Du côté des spécialistes concernés, on cherche à minimiser l'affaire. « Nous travaillons en bonne intelligence avec les généralistes, explique le Dr Gérard Rousselet, dermatologue exerçant dans le Val-de-Marne et président du Syndicat national des dermato-vénéréologues. Mais il est vrai que les pouvoirs publics s'inquiètent de ce problème de dépistage et ne veulent surtout pas être accusés de négliger l'importance des mélanomes.» Le gouvernement craint, dit-il, «que le parcours de soins soit accusé un jour d'être responsable d'un accroissement des cancers de la peau».
Le principe de précaution.
La mission confiée au président de l'Inca participerait donc au respect du principe de précaution.
«Le dépistage est primordial, poursuit le Dr Rousselet. Quelquefois, le mélanome tue en six mois.»
Mais le président du syndicat des dermatologues regrette surtout que «les généralistes en Europe de l'Ouest, et notamment en France, ne bénéficient pas d'une formation très poussée en dermatologie, contrairement à ce qui passe dans d'autres pays, notamment en Australie». Mais il est vrai que dans cette contrée le dépistage du mélanome est une cause nationale.
Pour le Dr Michel Combier, président de l'Union nationale des omnipraticiens français, qui regroupe les généralistes de la Csmf, «les généralistes font convenablement leur métier et participent largement au dépistage des mélanomes».
Les patients, pour-suit-il, viennent rarement pour cette raison. «Leur plainte est ailleurs, mais c'est en les examinant que nous découvrons une lésion cutanée suspecte et que nous les envoyons consulter rapidement un dermatologue ou que nous prenons contact avec lui.»

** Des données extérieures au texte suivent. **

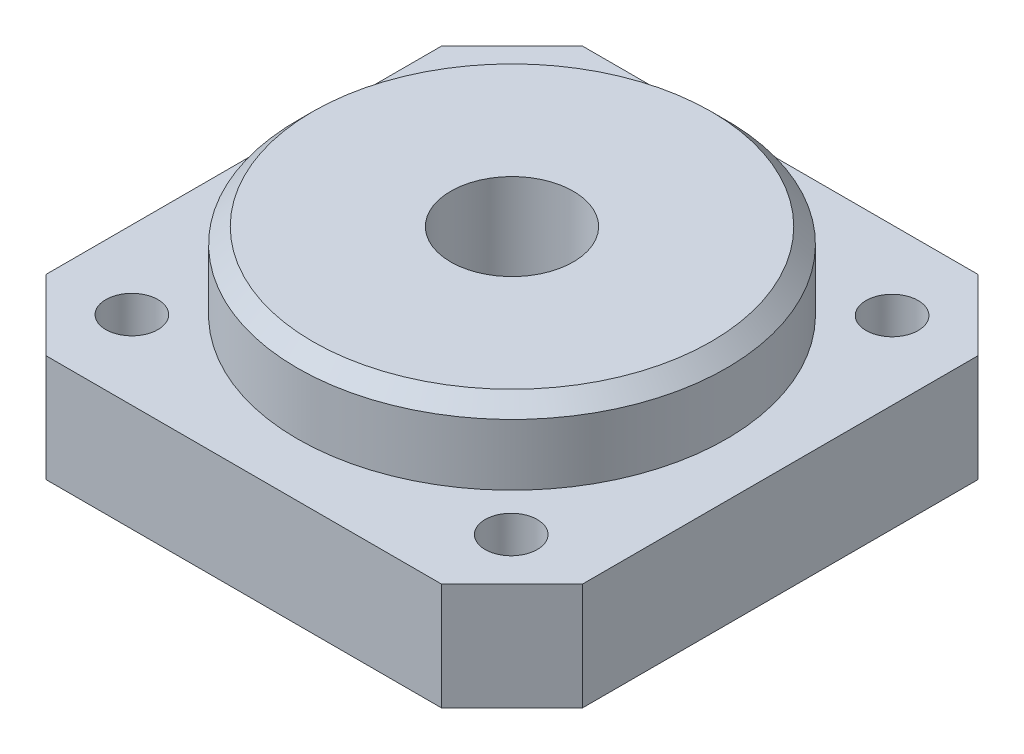
ISO-10303-21;
HEADER;
FILE_DESCRIPTION(('STEP AP214'),'2;1');
FILE_NAME('part.step','',(''),(''),'','','');
FILE_SCHEMA(('AUTOMOTIVE_DESIGN { 1 0 10303 214 1 1 1 1 }'));
ENDSEC;
DATA;
#1=APPLICATION_CONTEXT('core data for automotive mechanical design processes');
#2=APPLICATION_PROTOCOL_DEFINITION('international standard','automotive_design',2000,#1);
#3=PRODUCT_CONTEXT('',#1,'mechanical');
#4=PRODUCT('Part','Part','',(#3));
#5=PRODUCT_RELATED_PRODUCT_CATEGORY('part','',(#4));
#6=PRODUCT_DEFINITION_FORMATION('','',#4);
#7=PRODUCT_DEFINITION_CONTEXT('part definition',#1,'design');
#8=PRODUCT_DEFINITION('design','',#6,#7);
#9=PRODUCT_DEFINITION_SHAPE('','',#8);
#10=(LENGTH_UNIT() NAMED_UNIT(*) SI_UNIT(.MILLI.,.METRE.));
#11=(NAMED_UNIT(*) PLANE_ANGLE_UNIT() SI_UNIT($,.RADIAN.));
#12=(NAMED_UNIT(*) SI_UNIT($,.STERADIAN.) SOLID_ANGLE_UNIT());
#13=UNCERTAINTY_MEASURE_WITH_UNIT(LENGTH_MEASURE(1.E-05),#10,'distance_accuracy_value','');
#14=(GEOMETRIC_REPRESENTATION_CONTEXT(3) GLOBAL_UNCERTAINTY_ASSIGNED_CONTEXT((#13)) GLOBAL_UNIT_ASSIGNED_CONTEXT((#10,
#11,#12)) REPRESENTATION_CONTEXT('',''));
#15=CARTESIAN_POINT('',(0.,0.,0.));
#16=DIRECTION('',(0.,0.,1.));
#17=DIRECTION('',(1.,0.,0.));
#18=AXIS2_PLACEMENT_3D('',#15,#16,#17);
#19=CARTESIAN_POINT('',(12.4269184653541,7.,-12.3743686707646));
#20=DIRECTION('',(0.,-1.,0.));
#21=DIRECTION('',(0.,0.,-1.));
#22=AXIS2_PLACEMENT_3D('',#19,#20,#21);
#23=CYLINDRICAL_SURFACE('',#22,1.7);
#24=CARTESIAN_POINT('',(12.4269184653541,7.,-12.3743686707646));
#25=DIRECTION('',(0.,1.,0.));
#26=DIRECTION('',(0.,0.,1.));
#27=AXIS2_PLACEMENT_3D('',#24,#25,#26);
#28=CIRCLE('',#27,1.7);
#29=CARTESIAN_POINT('',(12.4269184653541,7.,-10.6743686707646));
#30=VERTEX_POINT('',#29);
#31=EDGE_CURVE('E140',#30,#30,#28,.T.);
#32=ORIENTED_EDGE('',*,*,#31,.T.);
#33=EDGE_LOOP('',(#32));
#34=FACE_BOUND('',#33,.T.);
#35=CARTESIAN_POINT('',(12.4269184653541,4.,-12.3743686707646));
#36=DIRECTION('',(0.,-1.,0.));
#37=DIRECTION('',(0.,0.,-1.));
#38=AXIS2_PLACEMENT_3D('',#35,#36,#37);
#39=CIRCLE('',#38,1.7);
#40=CARTESIAN_POINT('',(12.4269184653541,4.,-14.0743686707646));
#41=VERTEX_POINT('',#40);
#42=EDGE_CURVE('E177',#41,#41,#39,.T.);
#43=ORIENTED_EDGE('',*,*,#42,.T.);
#44=EDGE_LOOP('',(#43));
#45=FACE_BOUND('',#44,.T.);
#46=ADVANCED_FACE('F33',(#34,#45),#23,.F.);
#47=CARTESIAN_POINT('',(12.3743686707646,7.,12.4269184653541));
#48=DIRECTION('',(0.,-1.,0.));
#49=DIRECTION('',(0.,0.,-1.));
#50=AXIS2_PLACEMENT_3D('',#47,#48,#49);
#51=CYLINDRICAL_SURFACE('',#50,1.70000000000002);
#52=CARTESIAN_POINT('',(12.3743686707646,7.,12.4269184653541));
#53=DIRECTION('',(0.,1.,0.));
#54=DIRECTION('',(0.,0.,1.));
#55=AXIS2_PLACEMENT_3D('',#52,#53,#54);
#56=CIRCLE('',#55,1.70000000000002);
#57=CARTESIAN_POINT('',(12.3743686707646,7.,14.1269184653541));
#58=VERTEX_POINT('',#57);
#59=EDGE_CURVE('E197',#58,#58,#56,.T.);
#60=ORIENTED_EDGE('',*,*,#59,.T.);
#61=EDGE_LOOP('',(#60));
#62=FACE_BOUND('',#61,.T.);
#63=CARTESIAN_POINT('',(12.3743686707646,4.,12.4269184653541));
#64=DIRECTION('',(0.,-1.,0.));
#65=DIRECTION('',(0.,0.,-1.));
#66=AXIS2_PLACEMENT_3D('',#63,#64,#65);
#67=CIRCLE('',#66,1.70000000000002);
#68=CARTESIAN_POINT('',(12.3743686707646,4.,10.7269184653541));
#69=VERTEX_POINT('',#68);
#70=EDGE_CURVE('E174',#69,#69,#67,.T.);
#71=ORIENTED_EDGE('',*,*,#70,.T.);
#72=EDGE_LOOP('',(#71));
#73=FACE_BOUND('',#72,.T.);
#74=ADVANCED_FACE('F233',(#62,#73),#51,.F.);
#75=CARTESIAN_POINT('',(-12.4269184653541,7.,12.3743686707646));
#76=DIRECTION('',(0.,-1.,0.));
#77=DIRECTION('',(0.,0.,-1.));
#78=AXIS2_PLACEMENT_3D('',#75,#76,#77);
#79=CYLINDRICAL_SURFACE('',#78,1.70000000000005);
#80=CARTESIAN_POINT('',(-12.4269184653541,7.,12.3743686707646));
#81=DIRECTION('',(0.,1.,0.));
#82=DIRECTION('',(0.,0.,1.));
#83=AXIS2_PLACEMENT_3D('',#80,#81,#82);
#84=CIRCLE('',#83,1.70000000000005);
#85=CARTESIAN_POINT('',(-12.4269184653541,7.,14.0743686707646));
#86=VERTEX_POINT('',#85);
#87=EDGE_CURVE('E193',#86,#86,#84,.T.);
#88=ORIENTED_EDGE('',*,*,#87,.T.);
#89=EDGE_LOOP('',(#88));
#90=FACE_BOUND('',#89,.T.);
#91=CARTESIAN_POINT('',(-12.4269184653541,4.,12.3743686707646));
#92=DIRECTION('',(0.,-1.,0.));
#93=DIRECTION('',(0.,0.,-1.));
#94=AXIS2_PLACEMENT_3D('',#91,#92,#93);
#95=CIRCLE('',#94,1.70000000000005);
#96=CARTESIAN_POINT('',(-12.4269184653541,4.,10.6743686707645));
#97=VERTEX_POINT('',#96);
#98=EDGE_CURVE('E170',#97,#97,#95,.T.);
#99=ORIENTED_EDGE('',*,*,#98,.T.);
#100=EDGE_LOOP('',(#99));
#101=FACE_BOUND('',#100,.T.);
#102=ADVANCED_FACE('F239',(#90,#101),#79,.F.);
#103=CARTESIAN_POINT('',(-12.3743686707646,7.,-12.4269184653541));
#104=DIRECTION('',(0.,-1.,0.));
#105=DIRECTION('',(0.,0.,-1.));
#106=AXIS2_PLACEMENT_3D('',#103,#104,#105);
#107=CYLINDRICAL_SURFACE('',#106,1.70000000000009);
#108=CARTESIAN_POINT('',(-12.3743686707646,7.,-12.4269184653541));
#109=DIRECTION('',(0.,1.,0.));
#110=DIRECTION('',(0.,0.,1.));
#111=AXIS2_PLACEMENT_3D('',#108,#109,#110);
#112=CIRCLE('',#111,1.70000000000009);
#113=CARTESIAN_POINT('',(-12.3743686707646,7.,-10.726918465354));
#114=VERTEX_POINT('',#113);
#115=EDGE_CURVE('E190',#114,#114,#112,.T.);
#116=ORIENTED_EDGE('',*,*,#115,.T.);
#117=EDGE_LOOP('',(#116));
#118=FACE_BOUND('',#117,.T.);
#119=CARTESIAN_POINT('',(-12.3743686707646,4.,-12.4269184653541));
#120=DIRECTION('',(0.,-1.,0.));
#121=DIRECTION('',(0.,0.,-1.));
#122=AXIS2_PLACEMENT_3D('',#119,#120,#121);
#123=CIRCLE('',#122,1.70000000000009);
#124=CARTESIAN_POINT('',(-12.3743686707646,4.,-14.1269184653542));
#125=VERTEX_POINT('',#124);
#126=EDGE_CURVE('E167',#125,#125,#123,.T.);
#127=ORIENTED_EDGE('',*,*,#126,.T.);
#128=EDGE_LOOP('',(#127));
#129=FACE_BOUND('',#128,.T.);
#130=ADVANCED_FACE('F247',(#118,#129),#107,.F.);
#131=CARTESIAN_POINT('',(0.,7.,0.));
#132=DIRECTION('',(0.,-1.,0.));
#133=DIRECTION('',(0.,0.,-1.));
#134=AXIS2_PLACEMENT_3D('',#131,#132,#133);
#135=PLANE('',#134);
#136=CARTESIAN_POINT('',(0.,7.,0.));
#137=DIRECTION('',(0.,1.,0.));
#138=DIRECTION('',(0.,0.,1.));
#139=AXIS2_PLACEMENT_3D('',#136,#137,#138);
#140=CIRCLE('',#139,14.);
#141=CARTESIAN_POINT('',(0.,7.,14.));
#142=VERTEX_POINT('',#141);
#143=EDGE_CURVE('E166',#142,#142,#140,.T.);
#144=ORIENTED_EDGE('',*,*,#143,.F.);
#145=EDGE_LOOP('',(#144));
#146=FACE_BOUND('',#145,.T.);
#147=DIRECTION('',(-1.,0.,0.));
#148=VECTOR('',#147,1.);
#149=CARTESIAN_POINT('',(-12.9055915910216,7.,-17.5));
#150=LINE('',#149,#148);
#151=CARTESIAN_POINT('',(12.9055915910215,7.,-17.5));
#152=VERTEX_POINT('',#151);
#153=CARTESIAN_POINT('',(-12.9055915910216,7.,-17.5));
#154=VERTEX_POINT('',#153);
#155=EDGE_CURVE('E50',#152,#154,#150,.T.);
#156=ORIENTED_EDGE('',*,*,#155,.T.);
#157=DIRECTION('',(-0.707106781186546,0.,0.707106781186549));
#158=VECTOR('',#157,1.);
#159=CARTESIAN_POINT('',(-17.5,7.,-12.9055915910215));
#160=LINE('',#159,#158);
#161=CARTESIAN_POINT('',(-17.5,7.,-12.9055915910215));
#162=VERTEX_POINT('',#161);
#163=EDGE_CURVE('E94',#154,#162,#160,.T.);
#164=ORIENTED_EDGE('',*,*,#163,.T.);
#165=DIRECTION('',(0.,0.,1.));
#166=VECTOR('',#165,1.);
#167=CARTESIAN_POINT('',(-17.5,7.,0.));
#168=LINE('',#167,#166);
#169=CARTESIAN_POINT('',(-17.5,7.,12.9055915910216));
#170=VERTEX_POINT('',#169);
#171=EDGE_CURVE('E204',#162,#170,#168,.T.);
#172=ORIENTED_EDGE('',*,*,#171,.T.);
#173=DIRECTION('',(0.707106781186549,0.,0.707106781186546));
#174=VECTOR('',#173,1.);
#175=CARTESIAN_POINT('',(-12.9055915910215,7.,17.5));
#176=LINE('',#175,#174);
#177=CARTESIAN_POINT('',(-12.9055915910215,7.,17.5));
#178=VERTEX_POINT('',#177);
#179=EDGE_CURVE('E206',#170,#178,#176,.T.);
#180=ORIENTED_EDGE('',*,*,#179,.T.);
#181=DIRECTION('',(1.,0.,0.));
#182=VECTOR('',#181,1.);
#183=CARTESIAN_POINT('',(0.,7.,17.5));
#184=LINE('',#183,#182);
#185=CARTESIAN_POINT('',(12.9055915910216,7.,17.5));
#186=VERTEX_POINT('',#185);
#187=EDGE_CURVE('E115',#178,#186,#184,.T.);
#188=ORIENTED_EDGE('',*,*,#187,.T.);
#189=DIRECTION('',(0.707106781186546,0.,-0.707106781186549));
#190=VECTOR('',#189,1.);
#191=CARTESIAN_POINT('',(17.5,7.,12.9055915910215));
#192=LINE('',#191,#190);
#193=CARTESIAN_POINT('',(17.5,7.,12.9055915910215));
#194=VERTEX_POINT('',#193);
#195=EDGE_CURVE('E108',#186,#194,#192,.T.);
#196=ORIENTED_EDGE('',*,*,#195,.T.);
#197=DIRECTION('',(0.,0.,-1.));
#198=VECTOR('',#197,1.);
#199=CARTESIAN_POINT('',(17.5,7.,0.));
#200=LINE('',#199,#198);
#201=CARTESIAN_POINT('',(17.5,7.,-12.9055915910215));
#202=VERTEX_POINT('',#201);
#203=EDGE_CURVE('E113',#194,#202,#200,.T.);
#204=ORIENTED_EDGE('',*,*,#203,.T.);
#205=DIRECTION('',(-0.707106781186549,0.,-0.707106781186546));
#206=VECTOR('',#205,1.);
#207=CARTESIAN_POINT('',(12.9055915910215,7.,-17.5));
#208=LINE('',#207,#206);
#209=EDGE_CURVE('E130',#202,#152,#208,.T.);
#210=ORIENTED_EDGE('',*,*,#209,.T.);
#211=EDGE_LOOP('',(#156,#164,#172,#180,#188,#196,#204,#210));
#212=FACE_BOUND('',#211,.T.);
#213=ORIENTED_EDGE('',*,*,#31,.F.);
#214=EDGE_LOOP('',(#213));
#215=FACE_BOUND('',#214,.T.);
#216=ORIENTED_EDGE('',*,*,#59,.F.);
#217=EDGE_LOOP('',(#216));
#218=FACE_BOUND('',#217,.T.);
#219=ORIENTED_EDGE('',*,*,#87,.F.);
#220=EDGE_LOOP('',(#219));
#221=FACE_BOUND('',#220,.T.);
#222=ORIENTED_EDGE('',*,*,#115,.F.);
#223=EDGE_LOOP('',(#222));
#224=FACE_BOUND('',#223,.T.);
#225=ADVANCED_FACE('F110',(#146,#212,#215,#218,#221,#224),#135,.F.);
#226=CARTESIAN_POINT('',(0.,0.,0.));
#227=DIRECTION('',(0.,-1.,0.));
#228=DIRECTION('',(0.,0.,-1.));
#229=AXIS2_PLACEMENT_3D('',#226,#227,#228);
#230=PLANE('',#229);
#231=CARTESIAN_POINT('',(-12.3743686707639,0.,-12.4269184653541));
#232=DIRECTION('',(0.,-1.,0.));
#233=DIRECTION('',(0.,0.,-1.));
#234=AXIS2_PLACEMENT_3D('',#231,#232,#233);
#235=CIRCLE('',#234,3.25000000000037);
#236=CARTESIAN_POINT('',(-12.3743686707639,0.,-15.6769184653544));
#237=VERTEX_POINT('',#236);
#238=EDGE_CURVE('E483',#237,#237,#235,.T.);
#239=ORIENTED_EDGE('',*,*,#238,.F.);
#240=EDGE_LOOP('',(#239));
#241=FACE_BOUND('',#240,.T.);
#242=CARTESIAN_POINT('',(12.4269184653548,0.,-12.3743686707639));
#243=DIRECTION('',(0.,-1.,0.));
#244=DIRECTION('',(0.,0.,-1.));
#245=AXIS2_PLACEMENT_3D('',#242,#243,#244);
#246=CIRCLE('',#245,3.250000000001);
#247=CARTESIAN_POINT('',(12.4269184653548,0.,-15.6243686707649));
#248=VERTEX_POINT('',#247);
#249=EDGE_CURVE('E482',#248,#248,#246,.T.);
#250=ORIENTED_EDGE('',*,*,#249,.F.);
#251=EDGE_LOOP('',(#250));
#252=FACE_BOUND('',#251,.T.);
#253=CARTESIAN_POINT('',(12.3743686707646,0.,12.4269184653548));
#254=DIRECTION('',(0.,-1.,0.));
#255=DIRECTION('',(0.,0.,-1.));
#256=AXIS2_PLACEMENT_3D('',#253,#254,#255);
#257=CIRCLE('',#256,3.25000000000073);
#258=CARTESIAN_POINT('',(12.3743686707646,0.,9.17691846535405));
#259=VERTEX_POINT('',#258);
#260=EDGE_CURVE('E507',#259,#259,#257,.T.);
#261=ORIENTED_EDGE('',*,*,#260,.F.);
#262=EDGE_LOOP('',(#261));
#263=FACE_BOUND('',#262,.T.);
#264=CARTESIAN_POINT('',(-12.4269184653541,0.,12.3743686707646));
#265=DIRECTION('',(0.,-1.,0.));
#266=DIRECTION('',(0.,0.,-1.));
#267=AXIS2_PLACEMENT_3D('',#264,#265,#266);
#268=CIRCLE('',#267,3.25);
#269=CARTESIAN_POINT('',(-12.4269184653541,0.,9.12436867076459));
#270=VERTEX_POINT('',#269);
#271=EDGE_CURVE('E494',#270,#270,#268,.T.);
#272=ORIENTED_EDGE('',*,*,#271,.F.);
#273=EDGE_LOOP('',(#272));
#274=FACE_BOUND('',#273,.T.);
#275=CARTESIAN_POINT('',(0.,0.,0.));
#276=DIRECTION('',(0.,-1.,0.));
#277=DIRECTION('',(0.,0.,-1.));
#278=AXIS2_PLACEMENT_3D('',#275,#276,#277);
#279=CIRCLE('',#278,4.);
#280=CARTESIAN_POINT('',(0.,0.,-4.));
#281=VERTEX_POINT('',#280);
#282=EDGE_CURVE('E179',#281,#281,#279,.F.);
#283=ORIENTED_EDGE('',*,*,#282,.T.);
#284=EDGE_LOOP('',(#283));
#285=FACE_BOUND('',#284,.T.);
#286=DIRECTION('',(-0.707106781186546,0.,0.707106781186549));
#287=VECTOR('',#286,1.);
#288=CARTESIAN_POINT('',(-17.5,0.,-12.9055915910215));
#289=LINE('',#288,#287);
#290=CARTESIAN_POINT('',(-12.9055915910216,0.,-17.5));
#291=VERTEX_POINT('',#290);
#292=CARTESIAN_POINT('',(-17.5,0.,-12.9055915910215));
#293=VERTEX_POINT('',#292);
#294=EDGE_CURVE('E136',#291,#293,#289,.T.);
#295=ORIENTED_EDGE('',*,*,#294,.F.);
#296=DIRECTION('',(-1.,0.,0.));
#297=VECTOR('',#296,1.);
#298=CARTESIAN_POINT('',(0.,0.,-17.5));
#299=LINE('',#298,#297);
#300=CARTESIAN_POINT('',(12.9055915910215,0.,-17.5));
#301=VERTEX_POINT('',#300);
#302=EDGE_CURVE('E150',#301,#291,#299,.T.);
#303=ORIENTED_EDGE('',*,*,#302,.F.);
#304=DIRECTION('',(-0.707106781186549,0.,-0.707106781186546));
#305=VECTOR('',#304,1.);
#306=CARTESIAN_POINT('',(12.9055915910215,0.,-17.5));
#307=LINE('',#306,#305);
#308=CARTESIAN_POINT('',(17.5,0.,-12.9055915910215));
#309=VERTEX_POINT('',#308);
#310=EDGE_CURVE('E86',#309,#301,#307,.T.);
#311=ORIENTED_EDGE('',*,*,#310,.F.);
#312=DIRECTION('',(0.,0.,-1.));
#313=VECTOR('',#312,1.);
#314=CARTESIAN_POINT('',(17.5,0.,-12.9055915910215));
#315=LINE('',#314,#313);
#316=CARTESIAN_POINT('',(17.5,0.,12.9055915910215));
#317=VERTEX_POINT('',#316);
#318=EDGE_CURVE('E79',#317,#309,#315,.T.);
#319=ORIENTED_EDGE('',*,*,#318,.F.);
#320=DIRECTION('',(0.707106781186546,0.,-0.707106781186549));
#321=VECTOR('',#320,1.);
#322=CARTESIAN_POINT('',(17.5,0.,12.9055915910215));
#323=LINE('',#322,#321);
#324=CARTESIAN_POINT('',(12.9055915910216,0.,17.5));
#325=VERTEX_POINT('',#324);
#326=EDGE_CURVE('E124',#325,#317,#323,.T.);
#327=ORIENTED_EDGE('',*,*,#326,.F.);
#328=DIRECTION('',(1.,0.,0.));
#329=VECTOR('',#328,1.);
#330=CARTESIAN_POINT('',(12.9055915910216,0.,17.5));
#331=LINE('',#330,#329);
#332=CARTESIAN_POINT('',(-12.9055915910215,0.,17.5));
#333=VERTEX_POINT('',#332);
#334=EDGE_CURVE('E145',#333,#325,#331,.T.);
#335=ORIENTED_EDGE('',*,*,#334,.F.);
#336=DIRECTION('',(0.707106781186549,0.,0.707106781186546));
#337=VECTOR('',#336,1.);
#338=CARTESIAN_POINT('',(-12.9055915910215,0.,17.5));
#339=LINE('',#338,#337);
#340=CARTESIAN_POINT('',(-17.5,0.,12.9055915910216));
#341=VERTEX_POINT('',#340);
#342=EDGE_CURVE('E142',#341,#333,#339,.T.);
#343=ORIENTED_EDGE('',*,*,#342,.F.);
#344=DIRECTION('',(0.,0.,1.));
#345=VECTOR('',#344,1.);
#346=CARTESIAN_POINT('',(-17.5,0.,12.9055915910216));
#347=LINE('',#346,#345);
#348=EDGE_CURVE('E139',#293,#341,#347,.T.);
#349=ORIENTED_EDGE('',*,*,#348,.F.);
#350=EDGE_LOOP('',(#295,#303,#311,#319,#327,#335,#343,#349));
#351=FACE_BOUND('',#350,.T.);
#352=ADVANCED_FACE('F218',(#241,#252,#263,#274,#285,#351),#230,.T.);
#353=CARTESIAN_POINT('',(-17.5,7.,-12.9055915910215));
#354=DIRECTION('',(0.707106781186549,0.,0.707106781186546));
#355=DIRECTION('',(0.707106781186546,0.,-0.707106781186549));
#356=AXIS2_PLACEMENT_3D('',#353,#354,#355);
#357=PLANE('',#356);
#358=ORIENTED_EDGE('',*,*,#294,.T.);
#359=DIRECTION('',(0.,-1.,0.));
#360=VECTOR('',#359,1.);
#361=CARTESIAN_POINT('',(-17.5,7.,-12.9055915910215));
#362=LINE('',#361,#360);
#363=EDGE_CURVE('E161',#162,#293,#362,.T.);
#364=ORIENTED_EDGE('',*,*,#363,.F.);
#365=ORIENTED_EDGE('',*,*,#163,.F.);
#366=DIRECTION('',(0.,-1.,0.));
#367=VECTOR('',#366,1.);
#368=CARTESIAN_POINT('',(-12.9055915910216,7.,-17.5));
#369=LINE('',#368,#367);
#370=EDGE_CURVE('E164',#154,#291,#369,.T.);
#371=ORIENTED_EDGE('',*,*,#370,.T.);
#372=EDGE_LOOP('',(#358,#364,#365,#371));
#373=FACE_BOUND('',#372,.T.);
#374=ADVANCED_FACE('F222',(#373),#357,.F.);
#375=CARTESIAN_POINT('',(-17.5,7.,12.9055915910216));
#376=DIRECTION('',(1.,0.,0.));
#377=DIRECTION('',(0.,0.,-1.));
#378=AXIS2_PLACEMENT_3D('',#375,#376,#377);
#379=PLANE('',#378);
#380=ORIENTED_EDGE('',*,*,#348,.T.);
#381=DIRECTION('',(0.,-1.,0.));
#382=VECTOR('',#381,1.);
#383=CARTESIAN_POINT('',(-17.5,7.,12.9055915910216));
#384=LINE('',#383,#382);
#385=EDGE_CURVE('E158',#170,#341,#384,.T.);
#386=ORIENTED_EDGE('',*,*,#385,.F.);
#387=ORIENTED_EDGE('',*,*,#171,.F.);
#388=ORIENTED_EDGE('',*,*,#363,.T.);
#389=EDGE_LOOP('',(#380,#386,#387,#388));
#390=FACE_BOUND('',#389,.T.);
#391=ADVANCED_FACE('F224',(#390),#379,.F.);
#392=CARTESIAN_POINT('',(-12.9055915910215,7.,17.5));
#393=DIRECTION('',(0.707106781186546,0.,-0.707106781186549));
#394=DIRECTION('',(-0.707106781186549,0.,-0.707106781186546));
#395=AXIS2_PLACEMENT_3D('',#392,#393,#394);
#396=PLANE('',#395);
#397=ORIENTED_EDGE('',*,*,#342,.T.);
#398=DIRECTION('',(0.,-1.,0.));
#399=VECTOR('',#398,1.);
#400=CARTESIAN_POINT('',(-12.9055915910215,7.,17.5));
#401=LINE('',#400,#399);
#402=EDGE_CURVE('E155',#178,#333,#401,.T.);
#403=ORIENTED_EDGE('',*,*,#402,.F.);
#404=ORIENTED_EDGE('',*,*,#179,.F.);
#405=ORIENTED_EDGE('',*,*,#385,.T.);
#406=EDGE_LOOP('',(#397,#403,#404,#405));
#407=FACE_BOUND('',#406,.T.);
#408=ADVANCED_FACE('F212',(#407),#396,.F.);
#409=CARTESIAN_POINT('',(12.9055915910216,7.,17.5));
#410=DIRECTION('',(0.,0.,-1.));
#411=DIRECTION('',(-1.,0.,0.));
#412=AXIS2_PLACEMENT_3D('',#409,#410,#411);
#413=PLANE('',#412);
#414=ORIENTED_EDGE('',*,*,#334,.T.);
#415=DIRECTION('',(0.,-1.,0.));
#416=VECTOR('',#415,1.);
#417=CARTESIAN_POINT('',(12.9055915910216,7.,17.5));
#418=LINE('',#417,#416);
#419=EDGE_CURVE('E125',#186,#325,#418,.T.);
#420=ORIENTED_EDGE('',*,*,#419,.F.);
#421=ORIENTED_EDGE('',*,*,#187,.F.);
#422=ORIENTED_EDGE('',*,*,#402,.T.);
#423=EDGE_LOOP('',(#414,#420,#421,#422));
#424=FACE_BOUND('',#423,.T.);
#425=ADVANCED_FACE('F215',(#424),#413,.F.);
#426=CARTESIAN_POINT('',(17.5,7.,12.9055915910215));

«Combien de fois en auscultant un patient, en posant mon stéthoscope sur ses poumons, ajoute le Dr Combier, ai-je ainsi découvert dans son dos, à un endroit où lui-même ne pouvait rien voir, un bouton suspect. Au cours du dernier trimestre, cela m'est arrivé cinq fois. Il ne s'agissait évidemment pas chaque fois d'un mélanome. N'empêche que j'ai pris toutes les précautions indispensables.»